Beispiel: Du hast die Ventilstellung im Proggi von 0-100%. Ist es zu kalt, erhöst du in Zeitschritten langsam. Und andersherum wird gesenkt...

Es ist natürlich wichtig die Zeit einigermaßend träge einzustellen um ein überschwingen zu vermeiden (ich benutze sowas ähnliches für Rauchgasreinigungsanlagen, und die sind träge  ).

Einstellbar wäre dann:
- Zeitschritt
- Verstellung
- mann könnte noch delta Schwellwerte mit einbauen um ein schnelleres nachsteuern zu ermöglichen. Am besten als % Vorgabe damit man bei einer anderen Temperaturvorwahl nicht alle Parameter neu einstellen muß...


----------



## Onkel Dagobert (1 November 2007)

Hallo stephan,

ich würde dir zu dem FB41 raten. Es ist eigentlich garnicht so schwer, den Regler zum Funktionieren zu bringen. Sollwert, Istwert und Parameter, viel mehr ist eigentlich nicht notwendig. Wo genau liegt dein Problem? "Geht nicht" reicht nicht, um Ratschläge zu geben.

Wie wird das Ventil gesteuert, stetig (0..10V) oder 3-Punkt (Auf/Halt/Zu)?

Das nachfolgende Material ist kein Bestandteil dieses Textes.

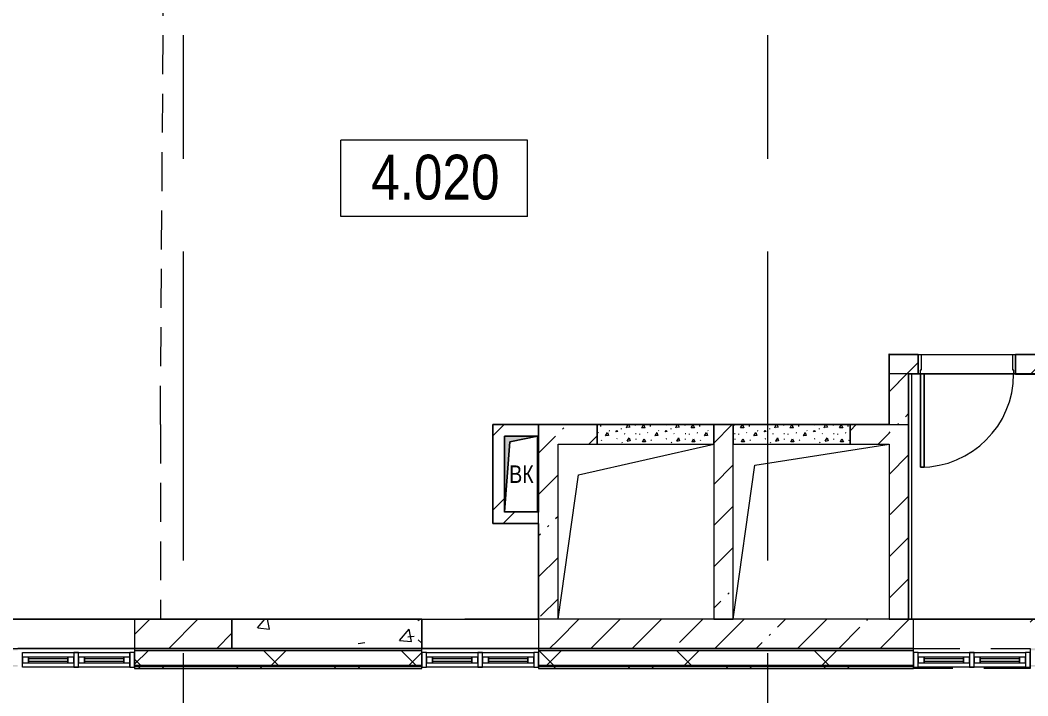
# Model space of a CAD drawing. Header units: millimetres. Extents: x 48966 to 294585, y -43515 to 30344.
# Drawn here: x 241902 to 252252, y -32170 to -25227 of the extents above; entities that cross this region are included whole.
import ezdxf

# ---------------------------------------------------------------- set-up
doc = ezdxf.new("R2010")
doc.units = ezdxf.units.MM
for name, pattern in [('IMPORT-01 Штриховая _2 мм_', [600, 400, -200]), ('Осевые', [6350, 1270, -952.5, 3175, -952.5]), ('Сверху', [793.75, 476.25, -317.5])]:
    doc.linetypes.add(name, pattern=pattern)
for name, color, linetype, lineweight in [('_Разделитель помещений_', 7, 'IMPORT-01 Штриховая _2 мм_', 9), ('Двери', 7, 'Continuous', 9), ('Импосты витража', 7, 'Continuous', 9), ('Импосты витража-1', 7, 'Continuous', 18), ('Каркас_Импост', 7, 'Continuous', 9), ('Контуры', 7, 'Continuous', 9), ('Марки помещений', 7, 'Continuous', 9), ('Обобщенные модели', 7, 'Continuous', 9), ('Обобщенные модели-1', 7, 'Continuous', 18), ('Общие ребра', 7, 'Continuous', 9), ('Окна', 7, 'Continuous', 9), ('Окна-1', 7, 'Сверху', 9), ('Окна-2', 7, 'Continuous', 18), ('Оси-2', 7, 'Осевые', 9), ('Панель', 7, 'Continuous', 9), ('Перекрытия', 7, 'Continuous', 9), ('Стены', 7, 'Continuous', 9), ('Стены-1', 7, 'Continuous', 18), ('Типовые аннотации', 7, 'Continuous', 9), ('Черная _1 сплошная', 7, 'Continuous', 9), ('Штриховка разреза-1', 7, 'Continuous', 9), ('Элементы узлов', 7, 'Continuous', 9), ('Элементы узлов-1', 7, 'Continuous', 5)]:
    doc.layers.add(name, color=color, linetype=linetype, lineweight=lineweight)
doc.layers.add('Обобщенные модели-2', color=7, linetype='Continuous', lineweight=9, true_color=0xffbc79)
doc.styles.add('Arial', font='Arial.ttf', dxfattribs={"width": 0.8, "height": 180})
doc.styles.add('Arial Narrow_1', font='Arial Narrow.ttf', dxfattribs={"height": 460})
pattern_1 = [(45, (108045.05, 0), (-424.264, 424.264), [600, -100, 20, -100]), (45, (108045.05, 424), (-424.264, 424.264), [])]
pattern_2 = [(0, (108045.05, 0), (812.8, 203.2), [67.056, -542.544, 67.056, -542.544, -3251.2]), (0, (108045.05, 0), (812.8, 203.2), [-1219.2, 67.056, -1152.144, 67.056, -542.544, -1422.4]), (0, (108045.05, 0), (812.8, 203.2), [-3048, 67.056, -339.344, 67.056, -948.944]), (120, (108349.85, 101.6), (-582.37636, 602.30545), [67.056, -542.544, 67.056, -542.544, -3251.2]), (120, (108349.85, 101.6), (-582.37636, 602.30545), [-1219.2, 67.056, -1152.144, 67.056, -542.544, -1422.4]), (120, (108349.85, 101.6), (-582.37636, 602.30545), [-3048, 67.056, -339.344, 67.056, -948.944]), (240, (108451.45, 508), (-230.42364, -805.50545), [67.056, -542.544, 67.056, -542.544, -3251.2]), (240, (108451.45, 508), (-230.42364, -805.50545), [-1219.2, 67.056, -1152.144, 67.056, -542.544, -1422.4]), (240, (108451.45, 508), (-230.42364, -805.50545), [-3048, 67.056, -339.344, 67.056, -948.944])]
pattern_3 = [(45, (108045.05, 0), (-502.8943, 502.8943), []), (45, (108045.05, 762), (-502.8943, 502.8943), [])]
pattern_4 = [(315, (108248.25, 20.32), (507.99965, 0), [7.184, -711.236]), (63.435, (108324.45, 76.2), (-0.0009, 508.0002), [11.359, -1124.563]), (90, (108166.97, 60.96), (-508, 508), [10.16, -497.84]), (315, (108045.05, 127), (507.99965, 0), [7.184, -711.236]), (270, (108375.25, 40.64), (508, -508), [6.706, -501.294]), (270, (108258.4, 386.1), (508, -508), [6.706, -501.294]), (45, (108329.53, 441.96), (0, 507.99965), [7.184, -711.236]), (90, (108227.93, 182.9), (-508, 508), [6.706, -501.294]), (90, (108166.97, 259.1), (-508, 508), [6.706, -501.294]), (270, (108324.45, 238.76), (508, -508), [6.706, -501.294]), (45, (108172.05, 426.72), (0, 507.99965), [7.184, -711.236]), (45, (108065.37, 284.48), (0, 507.99965), [7.184, -711.236]), (270, (108055.2, 492.76), (508, -508), [6.706, -501.294]), (315, (108380.33, 406.4), (507.99965, 0), [7.184, -711.236]), (90, (108522.57, 71.1), (-508, 508), [6.706, -501.294]), (315, (108400.65, 137.16), (507.99965, 0), [7.184, -711.236]), (90, (108522.57, 264.16), (-508, 508), [10.16, -497.84]), (90, (108527.65, 436.9), (-508, 508), [6.706, -501.294]), (90, (108420.97, 294.64), (-508, 508), [6.706, -501.294]), (315, (108405.73, 497.84), (507.99965, 0), [7.184, -711.236]), (0, (108522.57, 497.84), (508, 508), [6.706, -501.294]), (315, (108136.5, 508), (507.99965, 0), [7.184, -711.236]), (270, (108278.73, 132.1), (508, -508), [6.706, -501.294]), (0, (108497.17, 172.7), (508, 508), [6.706, -501.294]), (56.31, (108319.37, 5.08), (507.99879, 1016.00085), [18.316, -1813.304]), (315, (108329.53, 20.32), (507.99965, 0), [14.368, -704.052]), (194.036, (108339.69, 10.16), (-1524.00192, -507.99336), [20.945, -2073.593]), (60.255, (108075.53, 45.72), (508.001493, 1015.99859), [40.956, -4054.671]), (293.199, (108095.85, 81.28), (508.006508, -1015.996307), [38.688, -3830.124]), (180, (108111.1, 45.7), (-508, -508), [35.56, -472.44]), (63.435, (108065.37, 213.36), (-0.0009, 508.0002), [22.718, -1113.204]), (315, (108075.53, 233.68), (507.99965, 0), [14.368, -704.052]), (206.565, (108085.69, 223.52), (-508.00066, -508.0002), [22.718, -1113.204]), (66.801, (108431.13, 50.8), (1016.01901, 2539.993042), [38.688, -3830.124]), (296.565, (108446.37, 86.36), (508.0002, -508.00066), [34.078, -1101.845]), (189.462, (108461.61, 55.88), (-2540.002556, -507.985985), [30.901, -3059.143]), (82.875, (108248.25, 248.92), (-0.000517, 507.999884), [40.956, -4054.671]), (315, (108253.33, 289.56), (507.99965, 0), [35.921, -682.5]), (206.565, (108278.73, 264.16), (-508.00066, -508.0002), [34.078, -1101.845]), (71.565, (108420.97, 223.52), (0.00014, 507.99998), [16.064, -1590.373]), (326.31, (108426.05, 238.76), (1016.00085, -507.99879), [18.316, -1813.304]), (194.036, (108441.29, 228.6), (-1524.00192, -507.99336), [20.945, -2073.593]), (60.255, (108212.69, 472.44), (508.001493, 1015.99859), [40.956, -4054.671]), (288.435, (108233, 508), (508.0012, -1015.99951), [32.129, -1574.308]), (189.462, (108243.17, 477.52), (-2540.002556, -507.985985), [30.901, -3059.143]), (63.435, (108085.69, 411.48), (-0.0009, 508.0002), [34.078, -1101.845]), (296.565, (108100.93, 441.96), (508.0002, -508.00066), [34.078, -1101.845]), (180, (108116.17, 411.5), (-508, -508), [30.48, -477.52]), (56.31, (108151.73, 320.04), (507.99879, 1016.00085), [18.316, -1813.304]), (326.31, (108161.89, 335.28), (1016.00085, -507.99879), [18.316, -1813.304]), (191.31, (108177.13, 325.12), (-2031.99947, -508.00241), [25.903, -2564.399]), (63.435, (108324.45, 365.76), (-0.0009, 508.0002), [22.718, -1113.204]), (326.31, (108334.61, 386.08), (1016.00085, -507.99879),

Was AndreK beschreibt, wird sicherlich in bestimmten Fällen ausreichend funktionieren. Es gleicht jedoch der Quadratur des Kreises  .


Gruß, Onkel


----------



## Zottel (2 November 2007)

Onkel Dagobert schrieb:


> Was AndreK beschreibt, wird sicherlich in bestimmten Fällen ausreichend funktionieren. Es gleicht jedoch der Quadratur des Kreises  .
> 
> 
> Gruß, Onkel



Nö, das mit der Quadratur haben Mathematiker von Euclid bis in die frühe Neuzeit erfolglos probiert, bis man beweisen konnte, daß PI keine rationale Zahl ist.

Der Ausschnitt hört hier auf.